As Ozempic pens begin reaching Indian pharmacies, regulation must not lag behind enthusiasm. The government should mandate national registries to monitor long-term safety, expand pharmacovigilance to study how Indian genotypes respond, and integrate GLP-1 therapies into national diabetes guidelines. Training ASHA workers to improve adherence and funding public trials that combine GLP-1 therapy with traditional practices like yoga and dietetics could yield uniquely Indian models of care rooted in both science and culture.
Freedom To Choose
Ozempic is not an endgame; it is an interlude. It buys time to address the structural pathologies of our society - sedentary urbanism, poor diet, and fragmented healthcare systems. No drug can replace movement, nutrition, and discipline.
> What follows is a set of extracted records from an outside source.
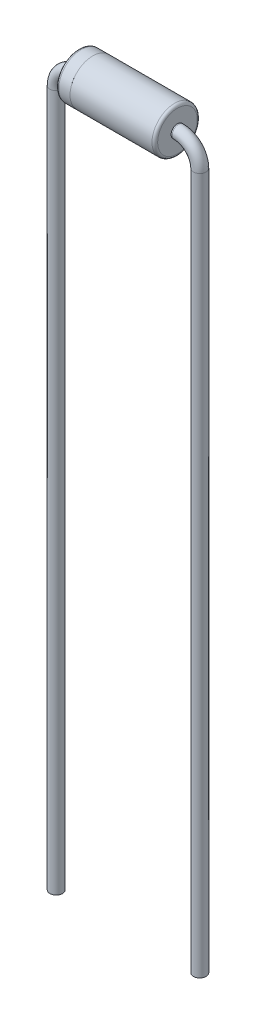
from build123d import *

# Parameters (mm, degrees)
SKETCH2_R = 0.225


with BuildPart() as part:
    # Sweep1: sweep along a path in Sketch1
    with BuildLine(Plane.XY) as sweep1_path:
        Line((-2.54, -25.4), (-2.54, -0.75))
        ThreePointArc((-2.54, -0.75), (-2.320330086, -0.219669914), (-1.79, 0))
        Line((-1.79, 0), (1.79, 0))
        ThreePointArc((1.79, 0), (2.320330086, -0.219669914), (2.54, -0.75))
        Line((2.54, -0.75), (2.54, -25.4))
    # Sketch2 → Sweep1 (sweep)
    with BuildSketch(Plane(origin=(-2.54, -25.4, 0), x_dir=(-1, 0, 0), z_dir=(0, -1, 0))):
        Circle(SKETCH2_R)
    sweep(path=sweep1_path.line)


with BuildPart() as body_2:
    # Sketch3 → Revolve1 (revolve)
    with BuildSketch(Plane.XY, mode=Mode.PRIVATE) as revolve1_sk:
        with BuildLine():
            Line((-1.4, 0.5), (-0.1, 0.5))
            ThreePointArc((-0.1, 0.5), (-0.064644661, 0.485355339), (-0.05, 0.45))
            Line((-0.05, 0.45), (-0.05, 0.3))
            Line((-0.05, 0.3), (0.05, 0.3))
            Line((0.05, 0.3), (0.05, 0.45))
            ThreePointArc((0.05, 0.45), (0.064644661, 0.485355339), (0.1, 0.5))
            Line((0.1, 0.5), (1.4, 0.5))
            ThreePointArc((1.4, 0.5), (1.470710678, 0.470710678), (1.5, 0.4))
            Line((1.5, 0.4), (1.5, 0))
            Line((1.5, 0), (-1.5, 0))
            Line((-1.5, 0), (-1.5, 0.4))
            ThreePointArc((-1.5, 0.4), (-1.470710678, 0.470710678), (-1.4, 0.5))
        make_face()
    revolve(revolve1_sk.sketch.rotate(Axis((-1.5, 0, 0), (1, 0, 0)), 90), axis=Axis((-1.5, 0, 0), (1, 0, 0)))


with BuildPart() as body_3:
    # Sketch4 → Revolve3 (revolve)
    with BuildSketch(Plane.XY, mode=Mode.PRIVATE) as revolve3_sk:
        with BuildLine():
            Line((-1.25, 0), (-1.25, 0.8))
            Line((-1.25, 0.8), (1.65, 0.8))
            ThreePointArc((1.65, 0.8), (1.720710678, 0.770710678), (1.75, 0.7))
            Line((1.75, 0.7), (1.75, 0))
            Line((1.75, 0), (-1.25, 0))
        make_face()
    revolve(revolve3_sk.sketch.rotate(Axis((-1.25, 0, 0), (1, 0, 0)), 90), axis=Axis((-1.25, 0, 0), (1, 0, 0)))


with BuildPart() as body_4:
    # Sketch5 → Revolve4 (revolve)
    with BuildSketch(Plane.XY):
        with BuildLine():
            Line((-1.25, 0), (-1.75, 0))
            Line((-1.75, 0), (-1.75, 0.7))
            ThreePointArc((-1.75, 0.7), (-1.720710678, 0.770710678), (-1.65, 0.8))
            Line((-1.65, 0.8), (-1.25, 0.8))
            Line((-1.25, 0.8), (-1.25, 0))
        make_face()
        with BuildLine():
            Line((-1.33, 0.72), (-1.65, 0.72))
            ThreePointArc((-1.65, 0.72), (-1.664142136, 0.714142136), (-1.67, 0.7))
            Line((-1.67, 0.7), (-1.67, 0.08))
            Line((-1.67, 0.08), (-1.33, 0.08))
            Line((-1.33, 0.08), (-1.33, 0.72))
        make_face(mode=Mode.SUBTRACT)
    revolve(axis=Axis((-1.25, 0, 0), (-1, 0, 0)))


solid = Compound([part.part, body_2.part, body_3.part, body_4.part])
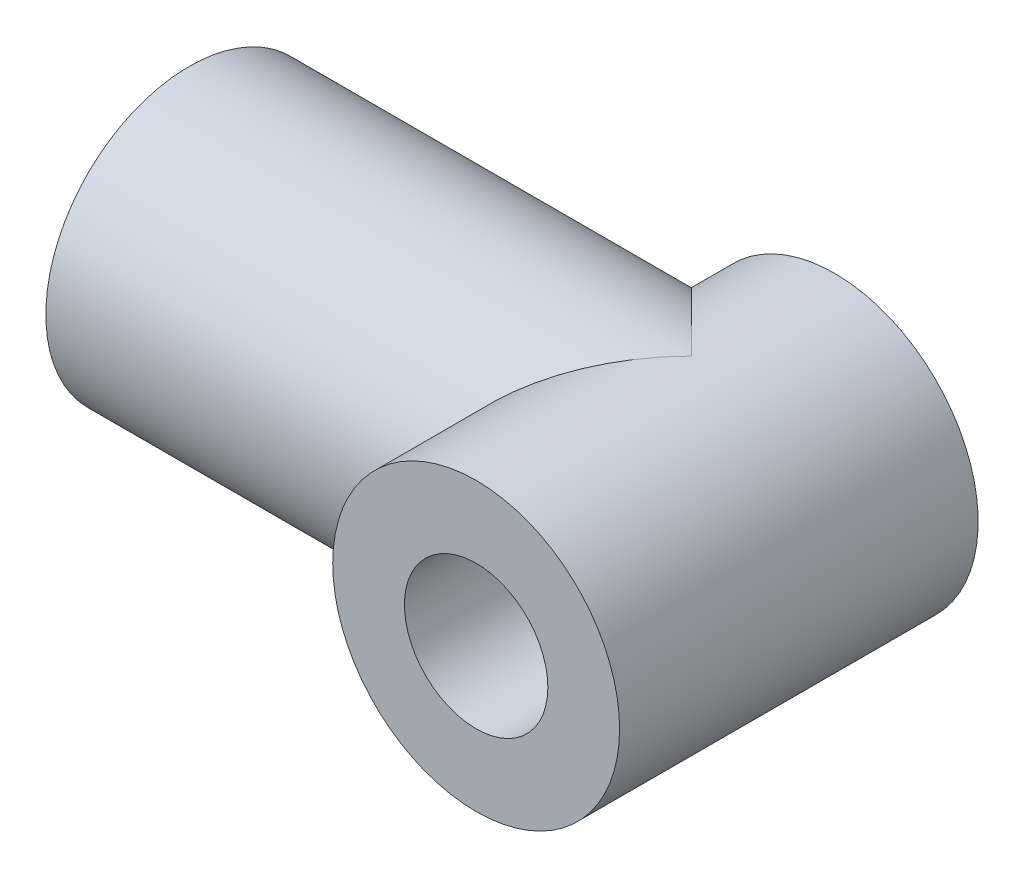
from build123d import *

# Parameters (mm, degrees)
SKETCH1_R           = 6
SKETCH1_R_2         = 3
BOSS_EXTRUDE1_DEPTH = 15
SKETCH2_R           = 6
SKETCH2_R_2         = 3
BOSS_EXTRUDE2_DEPTH = 21
SKETCH3_R           = 3
CUT_EXTRUDE1_DEPTH  = 16.0000001


with BuildPart() as part:
    # Sketch1 → Boss-Extrude1 (new body)
    with BuildSketch(Plane.XY):
        Circle(SKETCH1_R)
        Circle(SKETCH1_R_2, mode=Mode.SUBTRACT)
    extrude(amount=BOSS_EXTRUDE1_DEPTH)

    # Sketch2 → Boss-Extrude2 (add)
    with BuildSketch(Plane(origin=(0, 0, 0), x_dir=(0, 0, -1), z_dir=(1, 0, 0))):
        with Locations((-6, 0)):
            Circle(SKETCH2_R)
        with Locations((-6, 0)):
            Circle(SKETCH2_R_2, mode=Mode.SUBTRACT)
    extrude(amount=-BOSS_EXTRUDE2_DEPTH)

    # Sketch3 → Cut-Extrude1 (cut, through all)
    with BuildSketch(Plane(origin=(0, 0, 0), x_dir=(-1, 0, 0), z_dir=(0, 0, -1))):
        Circle(SKETCH3_R)
    extrude(amount=-CUT_EXTRUDE1_DEPTH, mode=Mode.SUBTRACT)


solid = part.part

Yet, Ozempic symbolises what freedom and innovation can deliver: human ingenuity turned toward saving lives.
In the end, the choice before India is simple - do we trust individuals and markets, or do we trust excessive control? Ozempic's arrival is more than a medical milestone; it is a test of whether India believes health and freedom can advance together.
(Amal Chandra is the author of 'The Essential: On Healthcare', a policy analyst and columnist. He tweets @ens_socialis. Dr. Ayemen Fatima is a clinical pharmacist)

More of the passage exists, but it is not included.